A Sanctuary State of the Right


Montana

Montana’s GOP-controlled legislature recently enacted a law barring state and local law enforcement from helping to enforce federal gun restrictions. While much media coverage portrays this as a case  of “nullification,” it is actually quite similar to liberal state and local governments’ sanctuary laws, restricting assistance to enforcement of federal laws targeting undocumented immigrants for deportation.

Both immigration sanctuary laws and Montana’s gun laws deny state and local assistance to federal officials seeking to enforce the laws and regulations in question. But, unlike true nullification efforts (such as those advocated by John C. Calhoun and others in the nineteenth century) they do not deny that those laws apply within the state, and do not prevent federal officials from trying to enforce the laws in question themselves.

Importantly, sanctuary laws do not protect state and local officials against having to follow federal law themselves (e.g.—they don’t authorize them to violate federal constitutional rights). They merely block them from enforcing specific federal laws against potential violations by private parties.

USA Today has a helpful summary of the Montana law, which belies its own headline’s misleading description (which wrongly describes the Montana law as “nullifying” the federal one):

Gov. Greg Gianforte on Friday signed a bill that prohibits state and local law enforcement in Montana from enforcing federal bans on firearms, ammunition and magazines….

Montana law would prohibit law enforcement officials and other state employees from enforcing, implementing or spending state funds to uphold federal bans on particular kinds of firearms, ammunition and magazines.

While sanctuary laws do not render federal law inoperative, they do make it harder to enforce.
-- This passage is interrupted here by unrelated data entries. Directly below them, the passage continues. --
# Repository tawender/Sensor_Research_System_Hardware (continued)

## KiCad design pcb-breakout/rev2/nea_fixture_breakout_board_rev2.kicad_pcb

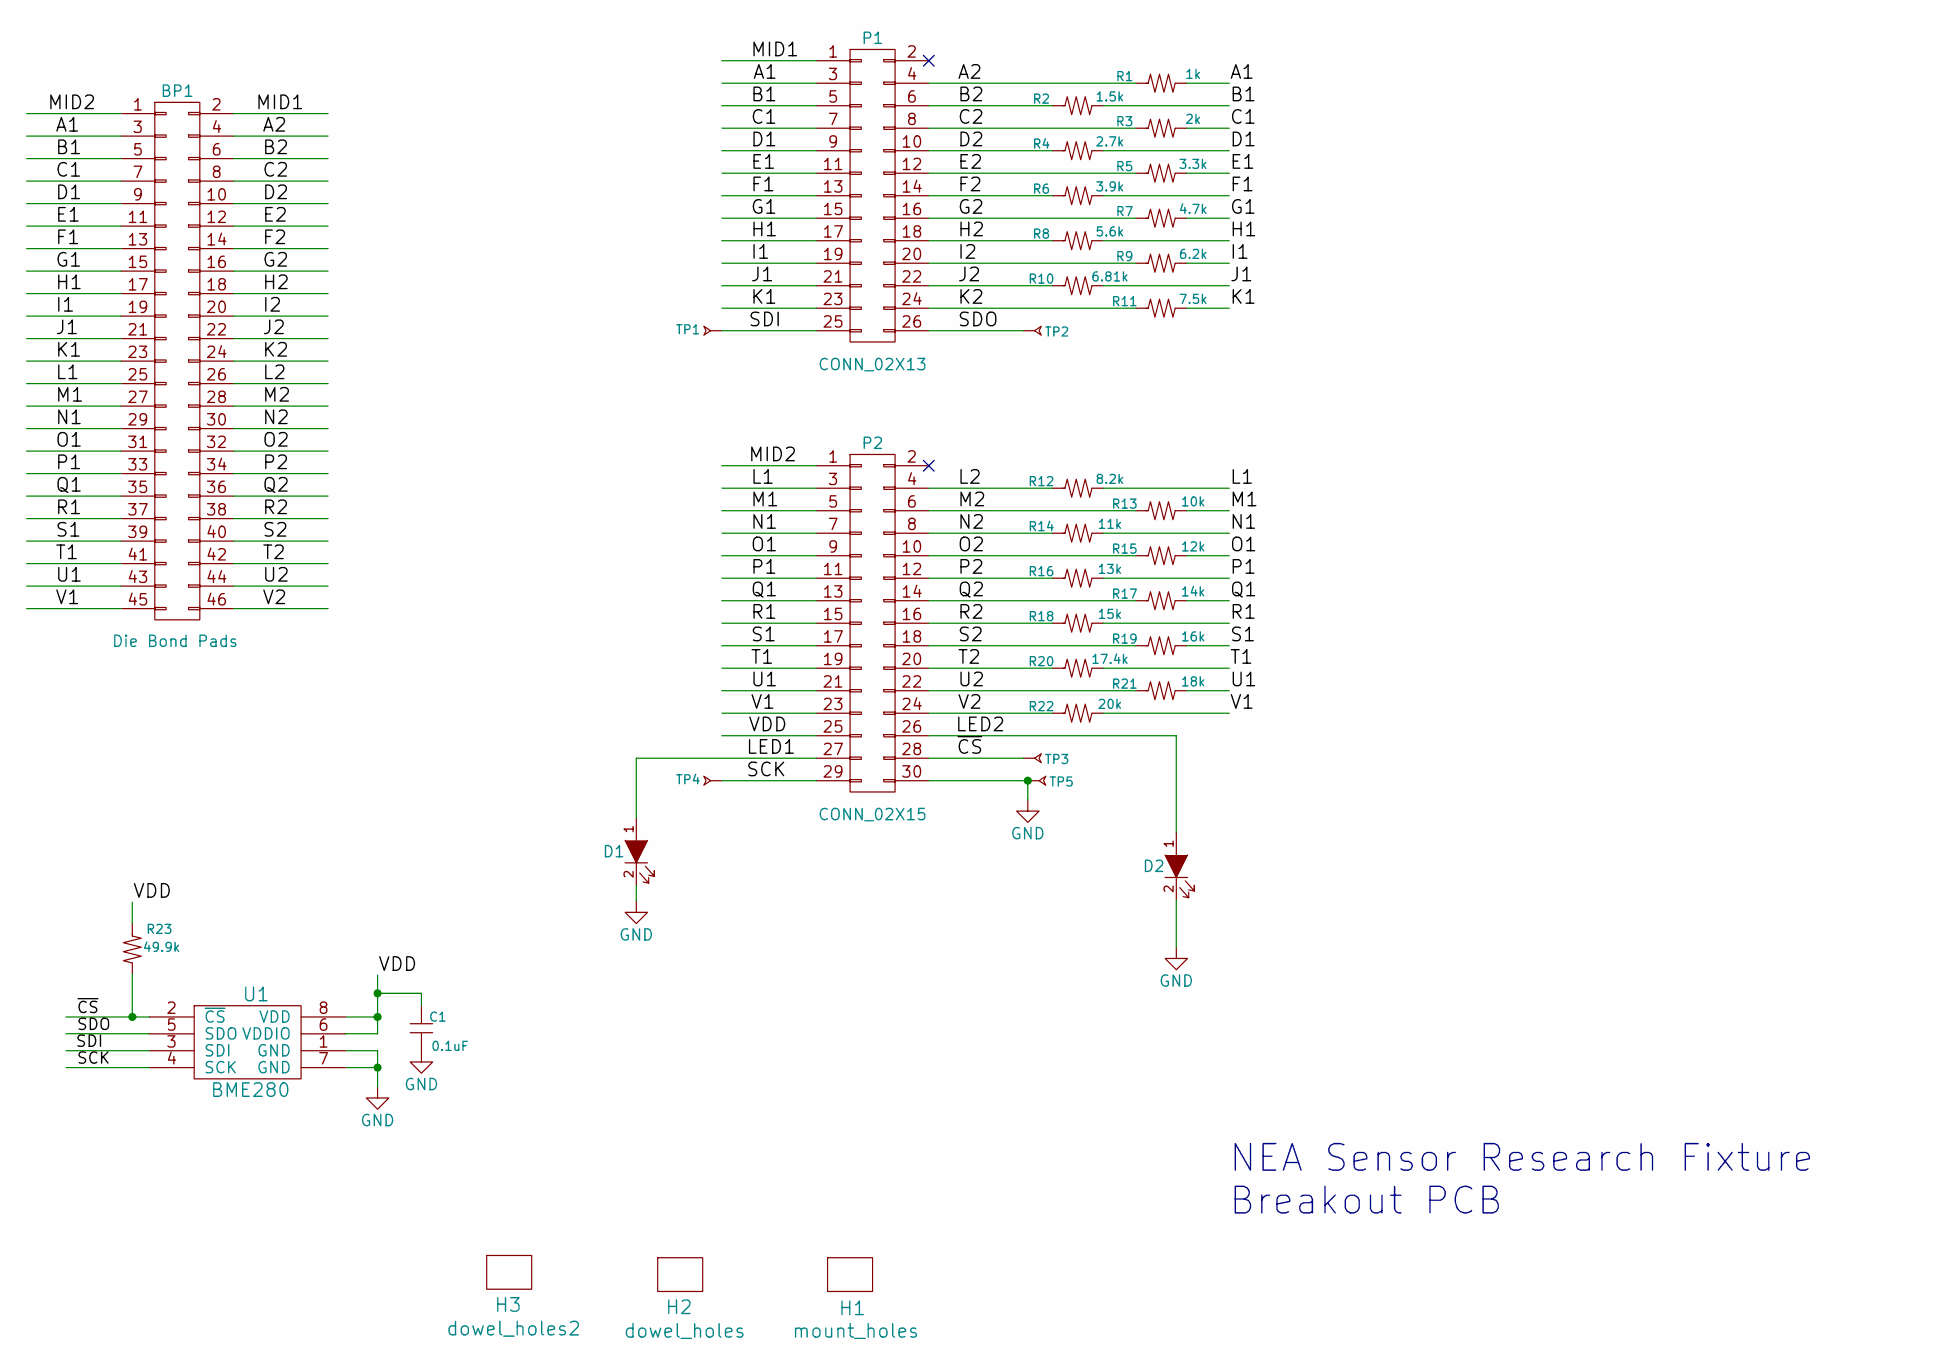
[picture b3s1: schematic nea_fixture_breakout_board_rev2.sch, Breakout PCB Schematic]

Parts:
BP1: Die Bond Pads; bondpads
C1: 0.1uF; R_0603_HandSoldering; manufacturer pn GRM188R71C104KA01D
D1, D2: LED_SMT; 0603_diode; manufacturer pn APT1608SGC
H1: mount_holes
H2: dowel_holes
H3: dowel_holes2
P1: CONN_02X13; header_smt_2x13
P2: CONN_02X15; header_smt_2x15; manufacturer pn 2-146134-1
R1: 1k; R_0603_HandSoldering; manufacturer pn RC0603FR-071KL
R2: 1.5k; R_0603_HandSoldering; manufacturer pn RC0603FR-071K5L
R3: 2k; R_0603_HandSoldering; manufacturer pn RC0603FR-071KL
R4: 2.7k; R_0603_HandSoldering; manufacturer pn RC0603FR-071KL
R5: 3.3k; R_0603_HandSoldering; manufacturer pn RC0603FR-071KL
R6: 3.9k; R_0603_HandSoldering; manufacturer pn RC0603FR-071KL
R7: 4.7k; R_0603_HandSoldering; manufacturer pn RC0603FR-071KL
R8: 5.6k; R_0603_HandSoldering; manufacturer pn RC0603FR-071KL
R9: 6.2k; R_0603_HandSoldering; manufacturer pn RC0603FR-071KL
R10: 6.81k; R_0603_HandSoldering; manufacturer pn RC0603FR-071KL
R11: 7.5k; R_0603_HandSoldering; manufacturer pn RC0603FR-071KL
R12: 8.2k; R_0603_HandSoldering; manufacturer pn RC0603FR-071KL
R13: 10k; R_0603_HandSoldering; manufacturer pn RC0603FR-071KL
R14: 11k; R_0603_HandSoldering; manufacturer pn RC0603FR-071KL
R15: 12k; R_0603_HandSoldering; manufacturer pn RC0603FR-071KL
R16: 13k; R_0603_HandSoldering; manufacturer pn RC0603FR-071KL
R17: 14k; R_0603_HandSoldering; manufacturer pn RC0603FR-071KL
R18: 15k; R_0603_HandSoldering; manufacturer pn RC0603FR-071KL
R19: 16k; R_0603_HandSoldering; manufacturer pn RC0603FR-071KL
R20: 17.4k; R_0603_HandSoldering; manufacturer pn RC0603FR-071KL
R21: 18k; R_0603_HandSoldering; manufacturer pn RC0603FR-071KL
R22: 20k; R_0603_HandSoldering; manufacturer pn RC0603FR-071KL
R23: 49.9k; R_0603_HandSoldering; manufacturer pn RC0603FR-0749K9L
TP1, TP2, TP3, TP4, TP5: TP_wirehole; Header_Pin_Res
U1: BME280; BME280_hand; manufacturer pn BME280

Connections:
/A1: BP1.3, P1.3, R1.1
/A2: BP1.4, P1.4, R1.2
/B1: BP1.5, P1.5, R2.1
/B2: BP1.6, P1.6, R2.2
/C1: BP1.7, P1.7, R3.1
/C2: BP1.8, P1.8, R3.2
/D1: BP1.9, P1.9, R4.1
/D2: BP1.10, P1.10, R4.2
/E1: BP1.11, P1.11, R5.1
/E2: BP1.12, P1.12, R5.2
/F1: BP1.13, P1.13, R6.1
/F2: BP1.14, P1.14, R6.2
/G1: BP1.15, P1.15, R7.1
/G2: BP1.16, P1.16, R7.2
/H1: BP1.17, P1.17, R8.1
/H2: BP1.18, P1.18, R8.2
/I1: BP1.19, P1.19, R9.1
/I2: BP1.20, P1.20, R9.2
/J1: BP1.21, P1.21, R10.1
/J2: BP1.22, P1.22, R10.2
/K1: BP1.23, P1.23, R11.1
/K2: BP1.24, P1.24, R11.2
/L1: BP1.25, P2.3, R12.1
/L2: BP1.26, P2.4, R12.2
/LED1: D1.1 (A), P2.27
/LED2: D2.1 (A), P2.26
/M1: BP1.27, P2.5, R13.1
/M2: BP1.28, P2.6, R13.2
/MID1: BP1.2, P1.1
/MID2: BP1.1, P2.1
/N1: BP1.29, P2.7, R14.1
/N2: BP1.30, P2.8, R14.2
/O1: BP1.31, P2.9, R15.1
/O2: BP1.32, P2.10, R15.2
/P1: BP1.33, P2.11, R16.1
/P2: BP1.34, P2.12, R16.2
/Q1: BP1.35, P2.13, R17.1
/Q2: BP1.36, P2.14, R17.2
/R1: BP1.37, P2.15, R18.1
/R2: BP1.38, P2.16, R18.2
/S1: BP1.39, P2.17, R19.1
/S2: BP1.40, P2.18, R19.2
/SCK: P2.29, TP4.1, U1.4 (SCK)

In many cases, the federal government simply lacks the resources and personnel needed to enforce its laws without substantial state and local assistance. There are vastly more state and local law enforcement officers and than federal ones.

Trump-era efforts to use ICE raids to offset immigration sanctuaries had only very limited success. If the Biden administration tries to use federal ATF agents to offset Montana’s policy, it may well run into similar constraints.

The Trump administration launched an extensive campaign to try to pressure liberal immigration sanctuary jurisdictions into giving up their policies. Most of these efforts were struck down by courts because they ran afoul of constitutional prohibitions on federal “commandeering” of state and local government, and executive imposition of conditions on state recipients of federal funds without congressional authorization. Liberal Democrats were happy to use constitutional protections for federalism to protect sanctuary cities and states against Trump, while  many Republicans advocated broad theories of federal power to try to get around those limits.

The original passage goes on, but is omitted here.